The Good Luck of Right Now(12)



“And my mom’s blood too,” I said, although I’m not sure why.

Father McNamee had never spoken to me like this before, even when he was fall-down drunk. But Mom had often spoken of my father’s visions. She once told me that my dad would close his eyes so tightly that all he could see was the color red—and then he would hear the unknowable voices of angels, which he described as the high-pitched noise wind makes when rushing through leafy forests, only more musical and divine—and he could understand the angels.

“She lives on through you,” Father McNamee said. “Your mother.
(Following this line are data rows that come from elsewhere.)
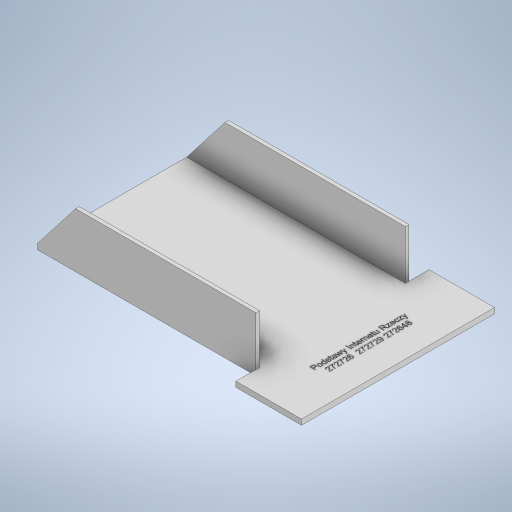
# Autodesk Inventor part: Część1
Saved by Autodesk Inventor 2024 (Build 280153020, 153B)
## iProperties
Created: 2025-01-23
Part Number: Część1
Material: Ogólny
Document SubType Name: Modeling
Designer: jakub
Density: 1 g/cm^3
Appearance: Domyślna
Author: jakub
Autodesk Inventor part; units mm, degrees
(part 1 of 2)
ref_plane "YZ Plane" through (0, 0, 0) normal (1, 0, 0) x (0, 1, 0)
ref_plane "XZ Plane" through (0, 0, 0) normal (0, 1, 0) x (-1, 0, 0)
ref_plane "XY Plane" through (0, 0, 0) normal (0, 0, 1) x (1, 0, 0)
sketch "Szkic1" plane through (0, 0, 0) normal (0, 1, 0) x (-1, 0, 0)
  line L0 (-24, 40) -> (60, 40)
  line L1 (60, -40) -> (-24, -40)
  line L2 (-60, -40) -> (-60, 40)
  line L3 (-60, 40) -> (60, -40) construction
  line L4 (60, 40) -> (-60, -40) construction
  line L5 (-24, -40) -> (-24, -53)
  line L6 (-24, -53) -> (-60, -53)
  line L7 (-60, -53) -> (-60, -40)
  line L8 (-24, 40) -> (-24, 53)
  line L9 (-24, 53) -> (-60, 53)
  line L10 (-60, 53) -> (-60, 40)
  line L11 (60, -40) -> (96, -40)
  line L12 (96, -40) -> (96, 40)
  line L13 (96, 40) -> (60, 40)
  point P0 (0, 0)
  dimension "d0" = 120
  dimension "d1" = 80
  dimension "d6" = 106
  dimension "d7" = 84
  dimension "d8" = 84
  dimension "d9" = 13
  dimension "d10" = 13
  dimension "d11" = 40
  dimension "d12" = 53
  dimension "d16" = 36
  dimension "d17" = 80
  dimension "d18" = 156
  constraints: 28 end point, 4 parallel, 2 horizontal, 2 midpoint, 1 perpendicular
  measures "d0" distance of L1.start L2.start
  measures "d1" distance of L0.end L1.start
  measures "d6" distance between parallel lines of L6 L9
  measures "d7" distance of L0.start L0.end
  measures "d8" distance of L1.start L1.end
  measures "d9" distance of L0.start L8.end
  measures "d10" distance of L1.end L5.end
  measures "d11" distance from line of point (0, 0) L1
  measures "d12" distance from line of point (0, 0) L9
  measures "d16" distance of L13.end L12.end
  measures "d17" distance of L11.end L12.end
  measures "d18" distance between parallel lines of L2 L12
extrude "Wyciągnięcie proste1" add sketch "Szkic1" along normal blind 3
sketch "Szkic2" plane through (0, 0, 0) normal (0, -1, 0) x (1, 0, 0)
  line L0 (24, -40) -> (-96, -40)
  line L1 (-96, -40) -> (-96, -42)
  line L2 (-96, -42) -> (24, -42)
  line L3 (24, -42) -> (24, -40)
  line L4 (24, 40) -> (-96, 40)
  line L5 (-96, 40) -> (-96, 42)
  line L6 (-96, 42) -> (24, 42)
  line L7 (24, 42) -> (24, 40)
  point P0 (0, 0)
  dimension "d19" = 2
  dimension "d20" = 120
  dimension "d21" = 2
  constraints: 16 end point, 4 parallel, 2 horizontal, 2 perpendicular, 1 point on line
  measures "d19" distance of L1.end L0.end
  measures "d20" distance of L5.end L6.end
  measures "d21" distance of L4.end L5.end
extrude "Wyciągnięcie proste2" add sketch "Szkic2" against normal blind 30
sketch "Szkic7" plane through (-96, 3, -40) normal (0, 0, 1) x (1, 0, 0)
  line L0 (0, 27) -> (120, 27) projected
  line L1 (0, 0) -> (21, 27)
  line L2 (0, 27) -> (21, 27)
  line L3 (0, 0) -> (0, 27)
  point P0 (96, -3)
  constraints: 6 end point, 1 perpendicular, 1 point on line
extrude "Wyciągnięcie proste4" cut sketch "Szkic7" along normal mid plane 200
sketch "Szkic8" plane through (0, 3, 0) normal (0, 1, 0) x (1, 0, 0)
  line L0 (37.3604, -27.9644) -> (37.3604, 27.055) construction
  line L1 (37.3604, 27.055) -> (143.5342, 27.055) construction
  line L2 (143.5342, 27.055) -> (143.5342, -27.9644) construction
  line L3 (143.5342, -27.9644) -> (37.3604, -27.9644) construction
  line L4 (40.4104, -25.9403) -> (37.3604, -25.9403)
  line L5 (37.3604, -25.9403) -> (37.3604, -24.7896)
  spline S0 degree 2 poles (37.3604, -24.7896) (37.3604, -24.4851) (37.3907, -24.3247) knots 0 0 0 1 1 1
  spline S1 degree 2 poles (37.3907, -24.3247) (37.4278, -24.0992) (37.6371, -23.797) (38.016, -23.611) (38.2438, -23.611) knots 0 0 0 1 2 3 3 3
  spline S2 degree 2 poles (38.2438, -23.611) (38.632, -23.611) (39.1714, -24.1062) (39.1714, -24.7524) knots 0 0 0 1 2 2 2
  line L6 (39.1714, -24.7524) -> (39.1714, -25.5358)
  line L7 (39.1714, -25.5358) -> (40.4104, -25.5358)
  line L8 (40.4104, -25.5358) -> (40.4104, -25.9403)
  line L9 (38.811, -25.5358) -> (38.811, -24.7478)
  spline S3 degree 2 poles (38.811, -24.7478) (38.811, -24.3549) (38.5205, -24.0271) (38.2554, -24.0271) knots 0 0 0 1 2 2 2
  spline S4 degree 2 poles (38.2554, -24.0271) (38.0648, -24.0271) (37.7905, -24.2201) (37.7487, -24.3781) knots 0 0 0 1 2 2 2
  spline S5 degree 2 poles (37.7487, -24.3781) (37.7208, -24.4804) (37.7208, -24.7547) knots 0 0 0 1 1 1
  line L10 (37.7208, -24.7547) -> (37.7208, -25.5358)
  line L11 (37.7208, -25.5358) -> (38.811, -25.5358)
  spline S6 degree 2 poles (39.3039, -23.2832) (38.6925, -23.2832) (38.3972, -22.9415) knots 0 0 0 1 1 1
  spline S7 degree 2 poles (38.3972, -22.9415) (38.1508, -22.6579) (38.1508, -22.2487) knots 0 0 0 1 1 1
  spline S8 degree 2 poles (38.1508, -22.2487) (38.1508, -21.7931) (38.7483, -21.2142) (39.2737, -21.2142) knots 0 0 0 1 2 2 2
  spline S9 degree 2 poles (39.2737, -21.2142) (39.6991, -21.2142) (40.1896, -21.47) (40.4592, -21.9581) (40.4592, -22.2487) knots 0 0 0 1 2 3 3 3
  spline S10 degree 2 poles (40.4592, -22.2487) (40.4592, -22.7113) (39.8641, -23.2832) (39.3039, -23.2832) knots 0 0 0 1 2 2 2
  spline S11 degree 2 poles (39.3062, -22.8973) (39.7293, -22.8973) (40.1524, -22.5277) (40.1524, -22.2487) knots 0 0 0 1 2 2 2
  spline S12 degree 2 poles (40.1524, -22.2487) (40.1524, -21.9698) (39.727, -21.6001) (39.2923, -21.6001) knots 0 0 0 1 2 2 2
  spline S13 degree 2 poles (39.2923, -21.6001) (38.8831, -21.6001) (38.46, -21.9721) (38.46, -22.2487) knots 0 0 0 1 2 2 2
  spline S14 degree 2 poles (38.46, -22.2487) (38.46, -22.5277) (38.8808, -22.8973) (39.3062, -22.8973) knots 0 0 0 1 2 2 2
  line L12 (40.4104, -19.3405) -> (40.1315, -19.3405)
  spline S15 degree 2 poles (40.1315, -19.3405) (40.4592, -19.5498) (40.4592, -19.9589) knots 0 0 0 1 1 1
  spline S16 degree 2 poles (40.4592, -19.9589) (40.4592, -20.2239) (40.1687, -20.6656) (39.6456, -20.9097) (39.3062, -20.9097) knots 0 0 0 1 2 3 3 3
  spline S17 degree 2 poles (39.3062, -20.9097) (38.9761, -20.9097) (38.4368, -20.6889) (38.1508, -20.2495) (38.1508, -19.9775) knots 0 0 0 1 2 3 3 3
  spline S18 degree 2 poles (38.1508, -19.9775) (38.1508, -19.7776) (38.3182, -19.4661) (38.453, -19.3684) knots 0 0 0 1 2 2 2
  line L13 (38.453, -19.3684) -> (37.3604, -19.3684)
  line L14 (37.3604, -19.3684) -> (37.3604, -18.9941)
  line L15 (37.3604, -18.9941) -> (40.4104, -18.9941)
  line L16 (40.4104, -18.9941) -> (40.4104, -19.3405)
  spline S19 degree 2 poles (39.3062, -20.5238) (39.7316, -20.5238) (40.1524, -20.1658) (40.1524, -19.9217) knots 0 0 0 1 2 2 2
  spline S20 degree 2 poles (40.1524, -19.9217) (40.1524, -19.6776) (39.7502, -19.3336) (39.3387, -19.3336) knots 0 0 0 1 2 2 2
  spline S21 degree 2 poles (39.3387, -19.3336) (38.8854, -19.3336) (38.46, -19.6823) (38.46, -19.938) knots 0 0 0 1 2 2 2
  spline S22 degree 2 poles (38.46, -19.938) (38.46, -20.189) (38.8692, -20.5238) (39.3062, -20.5238) knots 0 0 0 1 2 2 2
  line L17 (39.7502, -18.5571) -> (39.6921, -18.1875)
  spline S23 degree 2 poles (39.6921, -18.1875) (39.9153, -18.1573) (40.1524, -17.8713) (40.1524, -17.6133) knots 0 0 0 1 2 2 2
  spline S24 degree 2 poles (40.1524, -17.6133) (40.1524, -17.3552) (39.9408, -17.1042) (39.799, -17.1042) knots 0 0 0 1 2 2 2
  spline S25 degree 2 poles (39.799, -17.1042) (39.6735, -17.1042) (39.5991, -17.2158) knots 0 0 0 1 1 1
  spline S26 degree 2 poles (39.5991, -17.2158) (39.5503, -17.2925) (39.4736, -17.5993) knots 0 0 0 1 1 1
  spline S27 degree 2 poles (39.4736, -17.5993) (39.369, -18.0108) (39.2179, -18.3293) (38.9482, -18.4943) (38.7878, -18.4943) knots 0 0 0 1 2 3 3 3
  spline S28 degree 2 poles (38.7878, -18.4943) (38.639, -18.4943) (38.3879, -18.3595) (38.3043, -18.2433) knots 0 0 0 1 2 2 2
  spline S29 degree 2 poles (38.3043, -18.2433) (38.2392, -18.1549) (38.1508, -17.8527) (38.1508, -17.6784) knots 0 0 0 1 2 2 2
  spline S30 degree 2 poles (38.1508, -17.6784) (38.1508, -17.418) (38.3019, -17.0251) (38.5576, -16.8368) (38.7715, -16.802) knots 0 0 0 1 2 3 3 3
  line L18 (38.7715, -16.802) -> (38.8203, -17.1693)
  spline S31 degree 2 poles (38.8203, -17.1693) (38.6483, -17.1948) (38.4577, -17.4343) (38.4577, -17.6528) knots 0 0 0 1 2 2 2
  spline S32 degree 2 poles (38.4577, -17.6528) (38.4577, -17.9108) (38.6297, -18.1317) (38.7436, -18.1317) knots 0 0 0 1 2 2 2
  spline S33 degree 2 poles (38.7436, -18.1317) (38.8157, -18.1317) (38.8738, -18.0852) knots 0 0 0 1 1 1
  spline S34 degree 2 poles (38.8738, -18.0852) (38.9342, -18.041) (38.9738, -17.9411) knots 0 0 0 1 1 1
  spline S35 degree 2 poles (38.9738, -17.9411) (38.9947, -17.8853) (39.0714, -17.611) knots 0 0 0 1 1 1
  spline S36 degree 2 poles (39.0714, -17.611) (39.176, -17.2134) (39.3109, -16.8973) (39.5689, -16.7183) (39.7618, -16.7183) knots 0 0 0 1 2 3 3 3
  spline S37 degree 2 poles (39.7618, -16.7183) (39.9478, -16.7183) (40.2779, -16.9368) (40.4592, -17.3506) (40.4592, -17.611) knots 0 0 0 1 2 3 3 3
  spline S38 degree 2 poles (40.4592, -17.611) (40.4592, -18.041) (40.1012, -18.4943) (39.7502, -18.5571) knots 0 0 0 1 2 2 2
  line L19 (40.0757, -15.4583) -> (40.4081, -15.4048)
  spline S39 degree 2 poles (40.4081, -15.4048) (40.4407, -15.5629) (40.4407, -15.6884) knots 0 0 0 1 1 1
  spline S40 degree 2 poles (40.4407, -15.6884) (40.4407, -15.8907) (40.3105, -16.1162) (40.1012, -16.2068) (39.7642, -16.2068) knots 0 0 0 1 2 3 3 3
  line L20 (39.7642, -16.2068) -> (38.4902, -16.2068)
  line L21 (38.4902, -16.2068) -> (38.4902, -16.4835)
  line L22 (38.4902, -16.4835) -> (38.1996, -16.4835)
  line L23 (38.1996, -16.4835) -> (38.1996, -16.2068)
  line L24 (38.1996, -16.2068) -> (37.6533, -16.2068)
  line L25 (37.6533, -16.2068) -> (37.4278, -15.8326)
  line L26 (37.4278, -15.8326) -> (38.1996, -15.8326)
  line L27 (38.1996, -15.8326) -> (38.1996, -15.4583)
  line L28 (38.1996, -15.4583) -> (38.4902, -15.4583)
  line L29 (38.4902, -15.4583) -> (38.4902, -15.8326)
  line L30 (38.4902, -15.8326) -> (39.7851, -15.8326)
  spline S41 degree 2 poles (39.7851, -15.8326) (39.9455, -15.8326) (40.0385, -15.793) (40.0919, -15.7047) (40.0919, -15.621) knots 0 0 0 1 2 3 3 3
  spline S42 degree 2 poles (40.0919, -15.621) (40.0919, -15.5606) (40.0757, -15.4583) knots 0 0 0 1 1 1
  spline S43 degree 2 poles (40.1384, -13.6497) (40.3151, -13.8589) (40.4592, -14.2425) (40.4592, -14.4633) knots 0 0 0 1 2 2 2
  spline S44 degree 2 poles (40.4592, -14.4633) (40.4592, -14.8283) (40.1036, -15.2188) (39.8269, -15.2188) knots 0 0 0 1 2 2 2
  spline S45 degree 2 poles (39.8269, -15.2188) (39.6642, -15.2188) (39.3969, -15.0701) (39.2341, -14.8329) (39.1946, -14.6818) knots 0 0 0 1 2 3 3 3
  spline S46 degree 2 poles (39.1946, -14.6818) (39.1644, -14.5726) (39.1365, -14.3494) knots 0 0 0 1 1 1
  spline S47 degree 2 poles (39.1365, -14.3494) (39.083, -13.8961) (39.0086, -13.6822) knots 0 0 0 1 1 1
  spline S48 degree 2 poles (39.0086, -13.6822) (38.9319, -13.6799) (38.911, -13.6799) knots 0 0 0 1 1 1
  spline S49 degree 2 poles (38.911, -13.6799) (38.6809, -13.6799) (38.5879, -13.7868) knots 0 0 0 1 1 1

That’s true.”

When it was clear he wasn’t going to say anything else, I said, “Do you really want to live with me?”

“I do.”

“Why?”

“God told me to do something a long time ago, but I’m only getting around to it now. Mostly because God is giving me the silent treatment at the present moment.”

“What?”

“Am I not speaking clearly?”

“No. I mean, yes,” I said. This was a lot to take in. “What exactly did God tell you?”

“‘Defrock yourself and live with Bartholomew Neil.’ Again, it was a long time ago. I think God is mad at me, because I didn’t listen.”

I shook my head. God would never speak to Father McNamee about me. What he said was not true. Father McNamee was just trying to make me feel better. Telling white lies. Pretending. Including me in his calling, because he knew I am not called and felt sorry for me.

“You look surprised, Bartholomew. God speaks to people all throughout the Bible. He’s always talking to people.”

I stared at my mushroom pizza slice and thought about how far Father McNamee had fallen. I began to worry that the squidlike cancer was now attacking his brain too.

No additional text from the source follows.